In some situations, such as when a multivariate probability function has partially observed outcomes or parameters, it will be necessary to create a vector mixing known (data) and unknown (parameter) values. This can be done in Stan by creating a vector or array in the transformed parameters block and assigning to it.
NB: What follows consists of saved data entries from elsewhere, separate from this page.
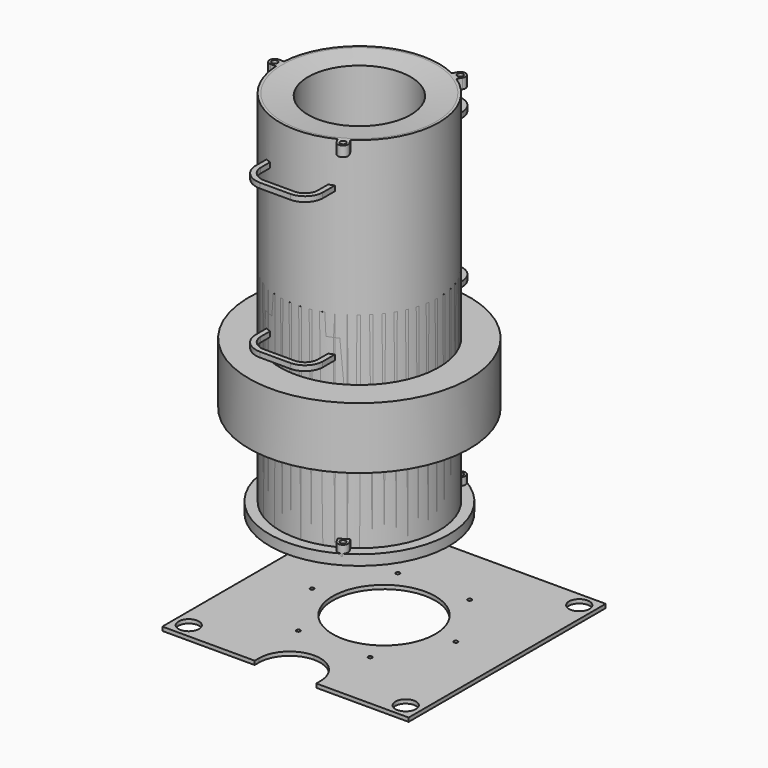
from build123d import *

# Parameters (mm, degrees)
F0_R      = 25.4
F0_R_2    = 4.7625
F1_DEPTH  = 9.525
F2_R      = 3.175
F3_DEPTH  = 12.7
F7_START  = -488.95
F6_R      = 7.14375
F7_DEPTH  = 25.4
F8_START  = -88.9
F8_DEPTH  = 12.7
F4_W      = 6.35
F4_H      = 381
F10_START = 266.7
F10_DEPTH = 12.7
F11_START = 355.6
F11_DEPTH = 25.4


# Not quite as in the source:
# - a feature names something its author has since deleted; it is built from what else it names


with BuildPart() as f1:
    # F0 (on Top) → F1 (new body)
    with BuildSketch(Plane.XY):
        with BuildLine():
            Line((609.6, 0), (0, 0))
            Line((0, 0), (0, -609.6))
            Line((0, -609.6), (228.6, -609.6))
            Line((228.6, -609.6), (228.6, -596.9))
            ThreePointArc((228.6, -596.9), (250.9184632736, -543.0184632736), (304.8, -520.7))
            ThreePointArc((304.8, -520.7), (358.6815367264, -543.0184632736), (381, -596.9))
            Line((381, -596.9), (381, -609.6))
            Line((381, -609.6), (609.6, -609.6))
            Line((609.6, -609.6), (609.6, 0))
        make_face()
        with Locations((36.3869200975, -573.2130799025)):
            Circle(F0_R, mode=Mode.SUBTRACT)
        with Locations((215.9, -458.7793167929)):
            Circle(F0_R_2, mode=Mode.SUBTRACT)
        with BuildLine():
            ThreePointArc((398.4625, -458.7793167929), (391.31875, -462.9037627784), (391.31875, -454.6548708073))
            ThreePointArc((391.31875, -454.6548708073), (396.08125, -454.6548708073), (398.4625, -458.7793167929))
        make_face(mode=Mode.SUBTRACT)
        with Locations((573.2130799025, -573.2130799025)):
            Circle(F0_R, mode=Mode.SUBTRACT)
        with Locations((127, -304.8)):
            Circle(F0_R_2, mode=Mode.SUBTRACT)
        with Locations((36.3869200975, -36.3869200975)):
            Circle(F0_R, mode=Mode.SUBTRACT)
        with Locations((215.9, -150.8206832071)):
            Circle(F0_R_2, mode=Mode.SUBTRACT)
        with BuildLine():
            ThreePointArc((368.3, -414.7852262806), (337.670018728, -427.4725799387), (304.8, -431.8))
            ThreePointArc((304.8, -431.8), (214.9974387893, -214.9974387893), (431.8, -304.8))
            ThreePointArc((431.8, -304.8), (414.7852262806, -368.3), (368.3, -414.7852262806))
        make_face(mode=Mode.SUBTRACT)
        with Locations((482.6, -304.8)):
            Circle(F0_R_2, mode=Mode.SUBTRACT)
        with Locations((393.7, -150.8206832071)):
            Circle(F0_R_2, mode=Mode.SUBTRACT)
        with Locations((573.2130799025, -36.3869200975)):
            Circle(F0_R, mode=Mode.SUBTRACT)
    extrude(amount=-F1_DEPTH)


with BuildPart() as f3:
    # F2 (on Top) → F3 (new body)
    with BuildSketch(Plane.XY):
        with BuildLine():
            ThreePointArc((13.051756509, -139.0889702745), (103.2942892524, -94.0551955388), (139.7, 0))
            ThreePointArc((139.7, 0), (93.8175544432, 103.5101757234), (-13.6909302547, 139.0275096115))
            Line((-13.6909302547, 139.0275096115), (-12.1714498273, 123.2253371732))
            ThreePointArc((-12.1714498273, 123.2253371732), (-9.8348553071, 122.5039217735), (-8.7041161086, 120.3356175983))
            ThreePointArc((-8.7041161086, 120.3356175983), (3.9055898005, 120.5867690433), (16.4726167188, 119.5201882463))
            ThreePointArc((16.4726167188, 119.5201882463), (19.8499978481, 122.2114111712), (22.7869087337, 119.0453507527))
            ThreePointArc((22.7869087337, 119.0453507527), (22.7745623185, 118.7656235596), (22.7376190943, 118.4880718804))
            ThreePointArc((22.7376190943, 118.4880718804), (34.982662471, 115.467033505), (46.8454269076, 111.1842096605))
            ThreePointArc((46.8454269076, 111.1842096606), (50.4041591942, 113.0209407678), (52.9298531544, 109.9130433005))
            ThreePointArc((52.9298531544, 109.9130433005), (52.853938074, 109.2229000827), (52.6298231316, 108.5657598745))
            ThreePointArc((52.6298231316, 108.5657598745), (63.6757245056, 102.4784104516), (74.0257986684, 95.271210927))
            ThreePointArc((74.0257986684, 95.271210927), (77.5564997152, 96.286901116), (79.6820865564, 93.2903435874))
            ThreePointArc((79.6820865564, 93.2903435874), (79.4895766086, 92.2015928865), (78.9353916974, 91.2448707467))
            ThreePointArc((78.9353916974, 91.2448707467), (88.0293911444, 82.5060530795), (96.1614345834, 72.8656366119))
            ThreePointArc((96.1614345834, 72.8656366119), (99.4770529713, 73.1440067882), (101.2204884435, 70.3100611283))
            ThreePointArc((101.2204884435, 70.3100611283), (100.8603523966, 68.8413317708), (99.8616437659, 67.7057944667))
            ThreePointArc((99.8616437659, 67.7057944667), (106.3840002521, 56.9110445377), (111.7438276458, 45.4943895779))
            ThreePointArc((111.7438276458, 45.4943895779), (114.6914737518, 45.1611083914), (116.0772523211, 42.5382641963))
            ThreePointArc((116.0772523211, 42.5382641963), (115.5013270724, 40.7146865486), (113.982489841, 39.5526801829))
            ThreePointArc((113.982489841, 39.552680183), (117.4887155504, 27.4376423606), (119.7110635196, 15.0227750771))
            ThreePointArc((119.7110635196, 15.0227750771), (122.1811785416, 14.2344199961), (123.2399142827, 11.867554857))
            ThreePointArc((123.2399142827, 11.867554857), (122.4037289426, 9.7203308383), (120.3356175983, 8.7041161086))
            ThreePointArc((120.3356175983, 8.7041161086), (120.5713787829, 4.3548959094), (120.65, 0))
            ThreePointArc((120.65, 0), (120.3672156609, -8.2556583045), (119.5201882463, -16.4726167188))
            ThreePointArc((119.5201882463, -16.4726167188), (121.4524479715, -17.5415203694), (122.2203507527, -19.6119087337))
            ThreePointArc((122.2203507527, -19.6119087337), (121.0838875539, -22.0460395251), (118.4880718804, -22.7376190943))
            ThreePointArc((118.4880718804, -22.7376190943), (115.467033505, -34.982662471), (111.1842096605, -46.8454269076))
            ThreePointArc((111.1842096606, -46.8454269076), (112.5697873786, -48.0163664839), (113.0880433005, -49.7548531544))
            ThreePointArc((113.0880433005, -49.7548531544), (111.6164223133, -52.4342420658), (108.5657598745, -52.6298231316))
            ThreePointArc((108.5657598745, -52.6298231316), (102.4784104516, -63.6757245056), (95.271210927, -74.0257986684))
            ThreePointArc((95.271210927, -74.0257986684), (96.1512768969, -75.1302475686), (96.4653435874, -76.5070865564))
            ThreePointArc((96.4653435874, -76.5070865564), (94.6294195245, -79.3858885007), (91.2448707467, -78.9353916974))
            ThreePointArc((91.2448707467, -78.9353916974), (82.5060530795, -88.0293911444), (72.8656366119, -96.1614345834))
            ThreePointArc((72.8656366119, -96.1614345834), (73.3262323072, -97.0538552352), (73.4850611283, -98.0454884435))
            ThreePointArc((73.4850611283, -98.0454884435), (71.2619220292, -101.0744463213), (67.7057944667, -99.8616437659))
            ThreePointArc((67.7057944667, -99.8616437659), (56.9110445377, -106.3840002521), (45.4943895779, -111.7438276458))
            ThreePointArc((45.4943895779, -111.7438276458), (45.6580657193, -112.3127920114), (45.7132641963, -112.9022523211))
            ThreePointArc((45.7132641963, -112.9022523211), (43.086623457, -116.0295398232), (39.5526801829, -113.982489841))
            ThreePointArc((39.552680183, -113.982489841), (27.4376423606, -117.4887155504), (15.0227750771, -119.7110635196))
            ThreePointArc((15.0227750771, -119.7110635196), (15.0376060553, -119.887712701), (15.042554857, -120.0649142827))
            ThreePointArc((15.042554857, -120.0649142827), (13.9884245204, -122.4276535555), (11.5259961981, -123.2214887999))
            Line((11.5259961981, -123.2214887999), (13.051756509, -139.0889702745))
        make_face()
        with BuildLine():
            Line((-12.1714498273, 123.2253371732), (-13.6909302547, 139.0275096115))
            ThreePointArc((-13.6909302547, 139.0275096115), (-139.0586071835, -13.3713786943), (13.051756509, -139.0889702745))
            Line((13.051756509, -139.0889702745), (11.5259961981, -123.2214887999))
            ThreePointArc((11.5259961981, -123.2214887999), (9.5974634812, -122.2846688064), (8.7041161086, -120.3356175983))
            ThreePointArc((8.7041161086, -120.3356175983), (-3.9055898005, -120.5867690433), (-16.4726167188, -119.5201882463))
            ThreePointArc((-16.4726167188, -119.5201882463), (-20.1280115951, -122.1781231409), (-22.7376190943, -118.4880718804))
            ThreePointArc((-22.7376190943, -118.4880718804), (-34.982662471, -115.467033505), (-46.8454269076, -111.1842096605))
            ThreePointArc((-46.8454269076, -111.1842096606), (-51.0641913953, -112.8054918085), (-52.6298231316, -108.5657598745))
            ThreePointArc((-52.6298231316, -108.5657598745), (-63.6757245056, -102.4784104516), (-74.0257986684, -95.271210927))
            ThreePointArc((-74.0257986684, -95.271210927), (-78.5204309394, -95.7453526292), (-78.9353916974, -91.2448707467))
            ThreePointArc((-78.9353916974, -91.2448707467), (-88.0293911444, -82.5060530795), (-96.1614345834, -72.8656366119))
            ThreePointArc((-96.1614345834, -72.8656366119), (-100.6256328762, -72.1603258949), (-99.8616437659, -67.7057944667))
            ThreePointArc((-99.8616437659, -67.7057944667), (-106.3840002521, -56.9110445377), (-111.7438276458, -45.4943895779))
            ThreePointArc((-111.7438276458, -45.4943895779), (-115.8733642242, -43.6576922014), (-113.982489841, -39.5526801829))
            ThreePointArc((-113.982489841, -39.552680183), (-117.4887155504, -27.4376423606), (-119.7110635196, -15.0227750771))
            ThreePointArc((-119.7110635196, -15.0227750771), (-123.2245172902, -12.1798589322), (-120.3356175983, -8.7041161086))
            ThreePointArc((-120.3356175983, -8.7041161086), (-120.5867690433, 3.9055898005), (-119.5201882463, 16.4726167188))
            ThreePointArc((-119.5201882463, 16.4726167188), (-122.1781231409, 20.1280115951), (-118.4880718804, 22.7376190943))
            ThreePointArc((-118.4880718804, 22.7376190943), (-115.467033505, 34.982662471), (-111.1842096605, 46.8454269076))
            ThreePointArc((-111.1842096606, 46.8454269076), (-112.8054918085, 51.0641913953), (-108.5657598745, 52.6298231316))
            ThreePointArc((-108.5657598745, 52.6298231316), (-102.4784104516, 63.6757245056), (-95.271210927, 74.0257986684))
            ThreePointArc((-95.271210927, 74.0257986684), (-95.7453526292, 78.5204309394), (-91.2448707467, 78.9353916974))
            ThreePointArc((-91.2448707467, 78.9353916974), (-82.5060530795, 88.0293911444), (-72.8656366119, 96.1614345834))
            ThreePointArc((-72.8656366119, 96.1614345834), (-72.1603258949, 100.6256328762), (-67.7057944667, 99.8616437659))
            ThreePointArc((-67.7057944667, 99.8616437659), (-56.9110445377, 106.3840002521), (-45.4943895779, 111.7438276458))
            ThreePointArc((-45.4943895779, 111.7438276458), (-43.6576922014, 115.8733642242), (-39.5526801829, 113.982489841))
            ThreePointArc((-39.552680183, 113.982489841), (-27.4376423606, 117.4887155504), (-15.0227750771, 119.7110635196))
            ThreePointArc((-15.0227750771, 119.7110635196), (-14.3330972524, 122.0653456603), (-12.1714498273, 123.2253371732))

The following example involves a bivariate covariance matrix in which the variances are known, but the covariance is not.

data {
  int<lower=0> N;
  array[N] vector[2] y;
  real<lower=0> var1;
  real<lower=0> var2;
}
transformed data {
  real<lower=0> max_cov = sqrt(var1 * var2);
  real<upper=0> min_cov = -max_cov;
}
parameters {
  vector[2] mu;
  real<lower=min_cov, upper=max_cov> cov;
}
transformed parameters {
  matrix[2, 2] Sigma;
  Sigma[1, 1] = var1;
  Sigma[1, 2] = cov;
  Sigma[2, 1] = cov;
  Sigma[2, 2] = var2;
}
model {
  y ~ multi_normal(mu, Sigma);
}

The variances are defined as data in variables var1 and var2, whereas the covariance is defined as a parameter in variable cov. The \(2 \times 2\) covariance matrix Sigma is defined as a transformed parameter, with the variances assigned to the two diagonal elements and the covariance to the two off-diagonal elements.

The constraint on the covariance declaration ensures that the resulting covariance matrix sigma is positive definite. The bound, plus or minus the square root of the product of the variances, is defined as transformed data so that it is only calculated once.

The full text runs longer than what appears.